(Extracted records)
((

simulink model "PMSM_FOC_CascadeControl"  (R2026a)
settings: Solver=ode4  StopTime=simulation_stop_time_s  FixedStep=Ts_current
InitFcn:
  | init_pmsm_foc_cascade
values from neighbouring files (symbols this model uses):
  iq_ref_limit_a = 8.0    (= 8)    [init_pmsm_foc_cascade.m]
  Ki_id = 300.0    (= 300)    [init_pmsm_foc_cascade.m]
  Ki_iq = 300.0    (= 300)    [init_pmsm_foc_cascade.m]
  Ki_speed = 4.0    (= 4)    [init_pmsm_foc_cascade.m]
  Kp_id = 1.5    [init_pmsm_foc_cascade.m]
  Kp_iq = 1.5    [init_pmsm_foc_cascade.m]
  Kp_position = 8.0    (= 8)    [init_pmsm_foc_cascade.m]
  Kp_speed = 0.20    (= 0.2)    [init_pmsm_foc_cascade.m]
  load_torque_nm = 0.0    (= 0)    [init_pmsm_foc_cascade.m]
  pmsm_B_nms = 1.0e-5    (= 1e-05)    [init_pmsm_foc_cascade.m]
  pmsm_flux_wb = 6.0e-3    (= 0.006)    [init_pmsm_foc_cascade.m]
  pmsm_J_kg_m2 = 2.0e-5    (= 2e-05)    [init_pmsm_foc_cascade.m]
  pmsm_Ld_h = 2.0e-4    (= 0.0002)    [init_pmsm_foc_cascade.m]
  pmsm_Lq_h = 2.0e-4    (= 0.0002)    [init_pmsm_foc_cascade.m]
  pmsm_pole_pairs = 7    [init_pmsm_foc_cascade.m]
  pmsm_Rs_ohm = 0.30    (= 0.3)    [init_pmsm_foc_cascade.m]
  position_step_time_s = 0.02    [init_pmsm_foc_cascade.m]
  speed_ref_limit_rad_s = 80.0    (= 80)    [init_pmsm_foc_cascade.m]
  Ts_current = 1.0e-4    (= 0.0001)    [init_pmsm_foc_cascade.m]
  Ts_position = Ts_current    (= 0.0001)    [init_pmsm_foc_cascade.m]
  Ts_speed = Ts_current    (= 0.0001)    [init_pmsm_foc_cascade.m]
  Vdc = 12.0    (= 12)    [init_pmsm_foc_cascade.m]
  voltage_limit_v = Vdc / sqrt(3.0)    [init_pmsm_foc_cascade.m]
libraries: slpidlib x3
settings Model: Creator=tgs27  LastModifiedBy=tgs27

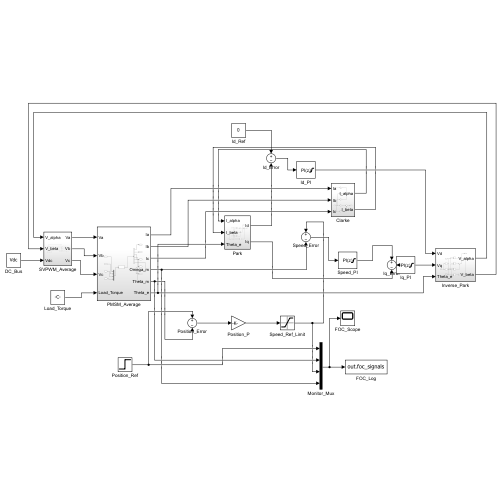
[thumbnail: Simulink's stored preview of the top-level diagram]
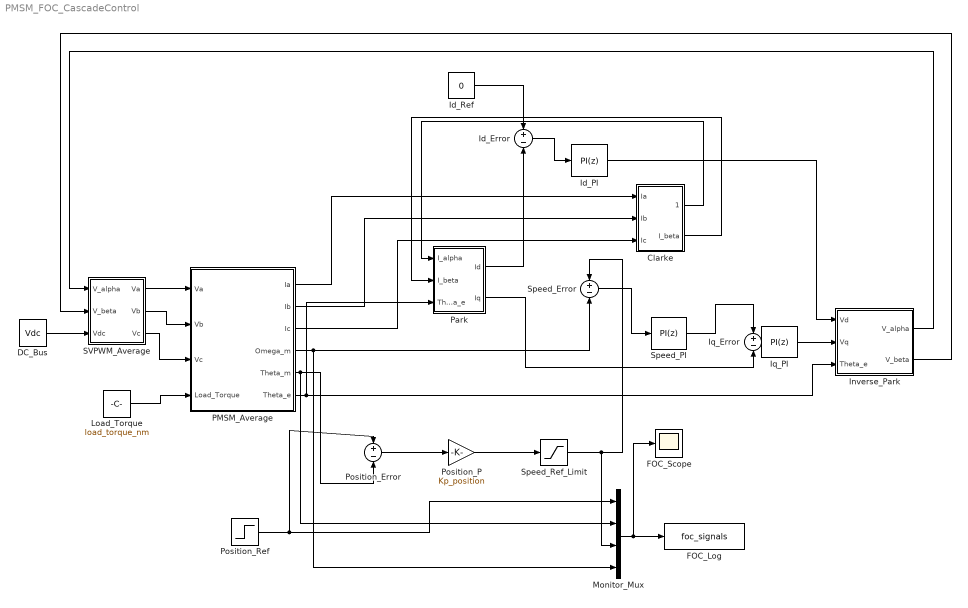
== system PMSM_FOC_CascadeControl ==
  Clarke : Subsystem
  DC_Bus : Constant  Value=Vdc
  FOC_Log : ToWorkspace  VariableName=foc_signals  SaveFormat=Structure With Time
  FOC_Scope : Scope
  Id_Error : Sum  Inputs=+-
  Id_PI : slpidlib/PID Controller  Controller=PI  Form=Parallel  TimeDomain=Discrete-time  UseExternalTs=off  SampleTime=Ts_current  IntegratorMethod=Forward Euler  FilterMethod=Forward Euler  ControllerParametersSource=internal  P=Kp_id  I=Ki_id  UseKiTs=off  D=0  UseExternalDerivativeSource=off  N=100  UseFilter=on  TunerSelectOption=Transfer Function Based (PID Tuner App)  InitialConditionSource=internal  InitialConditionForIntegrator=0  InitialConditionForFilter=0  DifferentiatorICPrevScaledInput=0  ExternalReset=none  TrackingMode=off  Kt=1  LimitOutput=on  SatLimitsSource=internal  UpperSaturationLimit=voltage_limit_v  LowerSaturationLimit=-voltage_limit_v  LinearizeAsGain=on  AntiWindupMode=none  Kb=1  LimitIntegrator=off  UpperIntegratorSaturationLimit=inf  LowerIntegratorSaturationLimit=-inf  POutMin=[]  POutMax=[]  IOutMin=[]  IOutMax=[]  DOutMin=[]  DOutMax=[]  NOutMin=[]  NOutMax=[]  SumOutMin=[]  SumOutMax=[]  SaturationOutMin=[]  SaturationOutMax=[]  PParamMin=[]  PParamMax=[]  IParamMin=[]  IParamMax=[]  DParamMin=[]  DParamMax=[]  NParamMin=[]  NParamMax=[]  KbParamMin=[]  KbParamMax=[]  KtParamMin=[]  KtParamMax=[]  KbOutMin=[]  KbOutMax=[]  KtOutMin=[]  KtOutMax=[]  IntegratorOutMin=[]  IntegratorOutMax=[]  FilterOutMin=[]  FilterOutMax=[]  SumI1OutMin=[]  SumI1OutMax=[]  SumI2OutMin=[]  SumI2OutMax=[]  SumI3OutMin=[]  SumI3OutMax=[]  SumI4OutMin=[]  SumI4OutMax=[]  SumDOutMin=[]  SumDOutMax=[]  DifferentiatorOutMin=[]  DifferentiatorOutMax=[]  FilterDiffOutCoefMin=[]  FilterDiffOutCoefMax=[]  ReciprocalOutMin=[]  ReciprocalOutMax=[]  SumDenOutMin=[]  SumDenOutMax=[]  SumNumOutMin=[]  SumNumOutMax=[]  DivideOutMin=[]  DivideOutMax=[]  UdiffTsProdOutMin=[]  UdiffTsProdOutMax=[]  NTsProdOutMin=[]  NTsProdOutMax=[]  UintegralTsProdOutMin=[]  UintegralTsProdOutMax=[]  UngainTsProdOutMin=[]  UngainTsProdOutMax=[]  ClampingZeroOutDataTypeStr=Inherit: Inherit via back propagation  ClampingZeroOutMin=[]  ClampingZeroOutMax=[]  FilterDenConstantOutDataTypeStr=Inherit: Inherit via back propagation  FilterDenConstantOutMin=[]  FilterDenConstantOutMax=[]  PCopyOutDataTypeStr=Inherit: Inherit via back propagation  PCopyOutMin=[]  PCopyOutMax=[]  NCopyOutDataTypeStr=Inherit: Inherit via back propagation  NCopyOutMin=[]  NCopyOutMax=[]  IntegratorContinuousStateAttributes=''  IntegratorStateMustResolveToSignalObject=off  IntegratorRTWStateStorageClass=Auto  FilterContinuousStateAttributes=''  FilterStateMustResolveToSignalObject=off  FilterRTWStateStorageClass=Auto  ParallelPVariant=InternalParameters  IdealPVariant=Disabled  IVariant=InternalParameters  DVariant=Disabled  IntegratorVariant=Discrete  SatVariant=Enabled  AWVariant=Passthrough  PCopyVariant=Disabled  TRVariant=Disabled  FdbkBlocksVariant=Forward  IdealPFdbkVariant=Disabled  SatFdbkVariant=Disabled  DerivativeFilterVariant=Disabled  NVariant=Disabled  NCopyVariant=Disabled_SignalSpec  FilterICVariant=Disabled  IntegratorICVariant=InternalICs  ExternalResetVariant=Disabled  TRSumVariant=Passthrough  SumFdbkVariant=Disabled  SumVariant=Sum_PI  TsampFilterVariant=InternalTs  TsampNgainVariant=Passthrough  TsampIntegralVariant=Disabled_SignalSpec  ExternalSaturationOutDataTypeStr=Inherit: Same as second input  DerivativeSourceVariant=Disabled  PreIntVariant=InternalPreInt
  Id_Ref : Constant  Value=0
  Inverse_Park : Subsystem
  Iq_Error : Sum  Inputs=+-
  Iq_PI : slpidlib/PID Controller  Controller=PI  Form=Parallel  TimeDomain=Discrete-time  UseExternalTs=off  SampleTime=Ts_current  IntegratorMethod=Forward Euler  FilterMethod=Forward Euler  ControllerParametersSource=internal  P=Kp_iq  I=Ki_iq  UseKiTs=off  D=0  UseExternalDerivativeSource=off  N=100  UseFilter=on  TunerSelectOption=Transfer Function Based (PID Tuner App)  InitialConditionSource=internal  InitialConditionForIntegrator=0  InitialConditionForFilter=0  DifferentiatorICPrevScaledInput=0  ExternalReset=none  TrackingMode=off  Kt=1  LimitOutput=on  SatLimitsSource=internal  UpperSaturationLimit=voltage_limit_v  LowerSaturationLimit=-voltage_limit_v  LinearizeAsGain=on  AntiWindupMode=none  Kb=1  LimitIntegrator=off  UpperIntegratorSaturationLimit=inf  LowerIntegratorSaturationLimit=-inf  POutMin=[]  POutMax=[]  IOutMin=[]  IOutMax=[]  DOutMin=[]  DOutMax=[]  NOutMin=[]  NOutMax=[]  SumOutMin=[]  SumOutMax=[]  SaturationOutMin=[]  SaturationOutMax=[]  PParamMin=[]  PParamMax=[]  IParamMin=[]  IParamMax=[]  DParamMin=[]  DParamMax=[]  NParamMin=[]  NParamMax=[]  KbParamMin=[]  KbParamMax=[]  KtParamMin=[]  KtParamMax=[]  KbOutMin=[]  KbOutMax=[]  KtOutMin=[]  KtOutMax=[]  IntegratorOutMin=[]  IntegratorOutMax=[]  FilterOutMin=[]  FilterOutMax=[]  SumI1OutMin=[]  SumI1OutMax=[]  SumI2OutMin=[]  SumI2OutMax=[]  SumI3OutMin=[]  SumI3OutMax=[]  SumI4OutMin=[]  SumI4OutMax=[]  SumDOutMin=[]  SumDOutMax=[]  DifferentiatorOutMin=[]  DifferentiatorOutMax=[]  FilterDiffOutCoefMin=[]  FilterDiffOutCoefMax=[]  ReciprocalOutMin=[]  ReciprocalOutMax=[]  SumDenOutMin=[]  SumDenOutMax=[]  SumNumOutMin=[]  SumNumOutMax=[]  DivideOutMin=[]  DivideOutMax=[]  UdiffTsProdOutMin=[]  UdiffTsProdOutMax=[]  NTsProdOutMin=[]  NTsProdOutMax=[]  UintegralTsProdOutMin=[]  UintegralTsProdOutMax=[]  UngainTsProdOutMin=[]  UngainTsProdOutMax=[]  ClampingZeroOutDataTypeStr=Inherit: Inherit via back propagation  ClampingZeroOutMin=[]  ClampingZeroOutMax=[]  FilterDenConstantOutDataTypeStr=Inherit: Inherit via back propagation  FilterDenConstantOutMin=[]  FilterDenConstantOutMax=[]  PCopyOutDataTypeStr=Inherit: Inherit via back propagation  PCopyOutMin=[]  PCopyOutMax=[]  NCopyOutDataTypeStr=Inherit: Inherit via back propagation  NCopyOutMin=[]  NCopyOutMax=[]  IntegratorContinuousStateAttributes=''  IntegratorStateMustResolveToSignalObject=off  IntegratorRTWStateStorageClass=Auto  FilterContinuousStateAttributes=''  FilterStateMustResolveToSignalObject=off  FilterRTWStateStorageClass=Auto  ParallelPVariant=InternalParameters  IdealPVariant=Disabled  IVariant=InternalParameters  DVariant=Disabled  IntegratorVariant=Discrete  SatVariant=Enabled  AWVariant=Passthrough  PCopyVariant=Disabled  TRVariant=Disabled  FdbkBlocksVariant=Forward  IdealPFdbkVariant=Disabled  SatFdbkVariant=Disabled  DerivativeFilterVariant=Disabled  NVariant=Disabled  NCopyVariant=Disabled_SignalSpec  FilterICVariant=Disabled  IntegratorICVariant=InternalICs  ExternalResetVariant=Disabled  TRSumVariant=Passthrough  SumFdbkVariant=Disabled  SumVariant=Sum_PI  TsampFilterVariant=InternalTs  TsampNgainVariant=Passthrough  TsampIntegralVariant=Disabled_SignalSpec  ExternalSaturationOutDataTypeStr=Inherit: Same as second input  DerivativeSourceVariant=Disabled  PreIntVariant=InternalPreInt
  Load_Torque : Constant  Value=load_torque_nm
  Monitor_Mux : Mux
  PMSM_Average : Subsystem
  Park : Subsystem
  Position_Error : Sum  Inputs=+-
  Position_P : Gain  Gain=Kp_position
  Position_Ref : Step  Time=position_step_time_s  FinalValue=position_step_rad  SampleTime=Ts_position
  SVPWM_Average : Subsystem
  Speed_Error : Sum  Inputs=+-
  Speed_PI : slpidlib/PID Controller  Controller=PI  Form=Parallel  TimeDomain=Discrete-time  UseExternalTs=off  SampleTime=Ts_speed  IntegratorMethod=Forward Euler  FilterMethod=Forward Euler  ControllerParametersSource=internal  P=Kp_speed  I=Ki_speed  UseKiTs=off  D=0  UseExternalDerivativeSource=off  N=100  UseFilter=on  TunerSelectOption=Transfer Function Based (PID Tuner App)  InitialConditionSource=internal  InitialConditionForIntegrator=0  InitialConditionForFilter=0  DifferentiatorICPrevScaledInput=0  ExternalReset=none  TrackingMode=off  Kt=1  LimitOutput=on  SatLimitsSource=internal  UpperSaturationLimit=iq_ref_limit_a  LowerSaturationLimit=-iq_ref_limit_a  LinearizeAsGain=on  AntiWindupMode=none  Kb=1  LimitIntegrator=off  UpperIntegratorSaturationLimit=inf  LowerIntegratorSaturationLimit=-inf  POutMin=[]  POutMax=[]  IOutMin=[]  IOutMax=[]  DOutMin=[]  DOutMax=[]  NOutMin=[]  NOutMax=[]  SumOutMin=[]  SumOutMax=[]  SaturationOutMin=[]  SaturationOutMax=[]  PParamMin=[]  PParamMax=[]  IParamMin=[]  IParamMax=[]  DParamMin=[]  DParamMax=[]  NParamMin=[]  NParamMax=[]  KbParamMin=[]  KbParamMax=[]  KtParamMin=[]  KtParamMax=[]  KbOutMin=[]  KbOutMax=[]  KtOutMin=[]  KtOutMax=[]  IntegratorOutMin=[]  IntegratorOutMax=[]  FilterOutMin=[]  FilterOutMax=[]  SumI1OutMin=[]  SumI1OutMax=[]  SumI2OutMin=[]  SumI2OutMax=[]  SumI3OutMin=[]  SumI3OutMax=[]  SumI4OutMin=[]  SumI4OutMax=[]  SumDOutMin=[]  SumDOutMax=[]  DifferentiatorOutMin=[]  DifferentiatorOutMax=[]  FilterDiffOutCoefMin=[]  FilterDiffOutCoefMax=[]  ReciprocalOutMin=[]  ReciprocalOutMax=[]  SumDenOutMin=[]  SumDenOutMax=[]  SumNumOutMin=[]  SumNumOutMax=[]  DivideOutMin=[]  DivideOutMax=[]  UdiffTsProdOutMin=[]  UdiffTsProdOutMax=[]  NTsProdOutMin=[]  NTsProdOutMax=[]  UintegralTsProdOutMin=[]  UintegralTsProdOutMax=[]  UngainTsProdOutMin=[]  UngainTsProdOutMax=[]  ClampingZeroOutDataTypeStr=Inherit: Inherit via back propagation  ClampingZeroOutMin=[]  ClampingZeroOutMax=[]  FilterDenConstantOutDataTypeStr=Inherit: Inherit via back propagation  FilterDenConstantOutMin=[]  FilterDenConstantOutMax=[]  PCopyOutDataTypeStr=Inherit: Inherit via back propagation  PCopyOutMin=[]  PCopyOutMax=[]  NCopyOutDataTypeStr=Inherit: Inherit via back propagation  NCopyOutMin=[]  NCopyOutMax=[]  IntegratorContinuousStateAttributes=''  IntegratorStateMustResolveToSignalObject=off  IntegratorRTWStateStorageClass=Auto  FilterContinuousStateAttributes=''  FilterStateMustResolveToSignalObject=off  FilterRTWStateStorageClass=Auto  ParallelPVariant=InternalParameters  IdealPVariant=Disabled  IVariant=InternalParameters  DVariant=Disabled  IntegratorVariant=Discrete  SatVariant=Enabled  AWVariant=Passthrough  PCopyVariant=Disabled  TRVariant=Disabled  FdbkBlocksVariant=Forward  IdealPFdbkVariant=Disabled  SatFdbkVariant=Disabled  DerivativeFilterVariant=Disabled  NVariant=Disabled  NCopyVariant=Disabled_SignalSpec  FilterICVariant=Disabled  IntegratorICVariant=InternalICs  ExternalResetVariant=Disabled  TRSumVariant=Passthrough  SumFdbkVariant=Disabled  SumVariant=Sum_PI  TsampFilterVariant=InternalTs  TsampNgainVariant=Passthrough  TsampIntegralVariant=Disabled_SignalSpec  ExternalSaturationOutDataTypeStr=Inherit: Same as second input  DerivativeSourceVariant=Disabled  PreIntVariant=InternalPreInt
  Speed_Ref_Limit : Saturate  UpperLimit=speed_ref_limit_rad_s  LowerLimit=-speed_ref_limit_rad_s
  wires:
  Position_Ref/1 -> Position_Error/1, Monitor_Mux/1
  PMSM_Average/5(Theta_m) -> Position_Error/2, Monitor_Mux/2
  Position_Error/1 -> Position_P/1
  Position_P/1 -> Speed_Ref_Limit/1
  Speed_Ref_Limit/1 -> Monitor_Mux/3, Speed_Error/1
  PMSM_Average/4(Omega_m) -> Speed_Error/2, Monitor_Mux/4
  Speed_Error/1 -> Speed_PI/1
  Speed_PI/1 -> Iq_Error/1
  Id_Ref/1 -> Id_Error/1
  Park/2(Iq) -> Iq_Error/2
  Iq_Error/1 -> Iq_PI/1
  Park/1(Id) -> Id_Error/2
  Id_Error/1 -> Id_PI/1
  Iq_PI/1 -> Inverse_Park/2(Vq)
  Id_PI/1 -> Inverse_Park/1(Vd)
  PMSM_Average/6(Theta_e) -> Park/3(Theta_e), Inverse_Park/3(Theta_e)
  Inverse_Park/1(V_alpha) -> SVPWM_Average/1(V_alpha)
  Inverse_Park/2(V_beta) -> SVPWM_Average/2(V_beta)
  DC_Bus/1 -> SVPWM_Average/3(Vdc)
  SVPWM_Average/1(Va) -> PMSM_Average/1(Va)
  SVPWM_Average/2(Vb) -> PMSM_Average/2(Vb)
  SVPWM_Average/3(Vc) -> PMSM_Average/3(Vc)
  Load_Torque/1 -> PMSM_Average/4(Load_Torque)
  PMSM_Average/1(Ia) -> Clarke/1(Ia)
  PMSM_Average/2(Ib) -> Clarke/2(Ib)
  PMSM_Average/3(Ic) -> Clarke/3(Ic)
  Clarke/1(I_alpha) -> Park/1(I_alpha)
  Clarke/2(I_beta) -> Park/2(I_beta)
  Monitor_Mux/1 -> FOC_Scope/1, FOC_Log/1

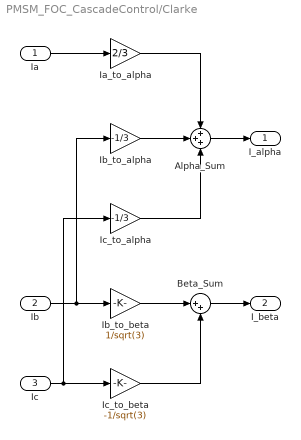
== system PMSM_FOC_CascadeControl/Clarke ==
  Ia : Inport
  Ib : Inport  Port=2
  Ic : Inport  Port=3
  Alpha_Sum : Sum  Inputs=+++
  Beta_Sum : Sum  Inputs=|++
  Ia_to_alpha : Gain  Gain=2/3
  Ib_to_alpha : Gain  Gain=-1/3
  Ib_to_beta : Gain  Gain=1/sqrt(3)
  Ic_to_alpha : Gain  Gain=-1/3
  Ic_to_beta : Gain  Gain=-1/sqrt(3)
  I_alpha : Outport
  I_beta : Outport  Port=2
  wires:
  Beta_Sum/1 -> I_beta/1
  Ic_to_beta/1 -> Beta_Sum/2
  Ib_to_beta/1 -> Beta_Sum/1
  Alpha_Sum/1 -> I_alpha/1
  Ic_to_alpha/1 -> Alpha_Sum/3
  Ib_to_alpha/1 -> Alpha_Sum/2
  Ia_to_alpha/1 -> Alpha_Sum/1
  Ic/1 -> Ic_to_alpha/1, Ic_to_beta/1
  Ib/1 -> Ib_to_alpha/1, Ib_to_beta/1
  Ia/1 -> Ia_to_alpha/1

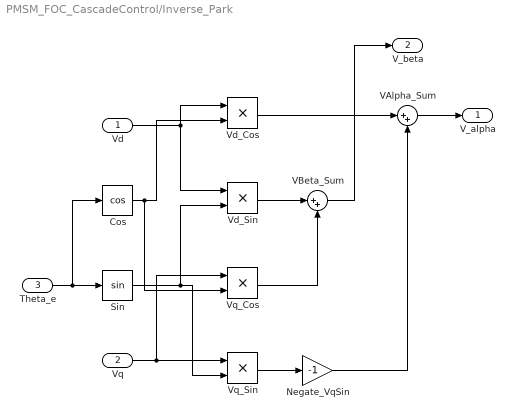
== system PMSM_FOC_CascadeControl/Inverse_Park ==
  Vd : Inport
  Vq : Inport  Port=2
  Theta_e : Inport  Port=3
  Cos : Trigonometry  Operator=cos
  Negate_VqSin : Gain  Gain=-1
  Sin : Trigonometry
  VAlpha_Sum : Sum  Inputs=|++
  VBeta_Sum : Sum  Inputs=|++
  Vd_Cos : Product
  Vd_Sin : Product
  Vq_Cos : Product
  Vq_Sin : Product
  V_alpha : Outport
  V_beta : Outport  Port=2
  wires:
  VBeta_Sum/1 -> V_beta/1
  Vq_Cos/1 -> VBeta_Sum/2
  Vd_Sin/1 -> VBeta_Sum/1
  VAlpha_Sum/1 -> V_alpha/1
  Negate_VqSin/1 -> VAlpha_Sum/2
  Vd_Cos/1 -> VAlpha_Sum/1
  Vq_Sin/1 -> Negate_VqSin/1
  Sin/1 -> Vq_Sin/2, Vd_Sin/2
  Vq/1 -> Vq_Sin/1, Vq_Cos/1
  Cos/1 -> Vd_Cos/2, Vq_Cos/2
  Vd/1 -> Vd_Cos/1, Vd_Sin/1
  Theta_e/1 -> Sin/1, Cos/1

))

Between the first line of the entries above and the line with "Ki_iq = 300.0", both included, copy every line exactly and nothing outside that range.

• **REPLY**:
simulink model "PMSM_FOC_CascadeControl"  (R2026a)
settings: Solver=ode4  StopTime=simulation_stop_time_s  FixedStep=Ts_current
InitFcn:
  | init_pmsm_foc_cascade
values from neighbouring files (symbols this model uses):
  iq_ref_limit_a = 8.0    (= 8)    [init_pmsm_foc_cascade.m]
  Ki_id = 300.0    (= 300)    [init_pmsm_foc_cascade.m]
  Ki_iq = 300.0    (= 300)    [init_pmsm_foc_cascade.m]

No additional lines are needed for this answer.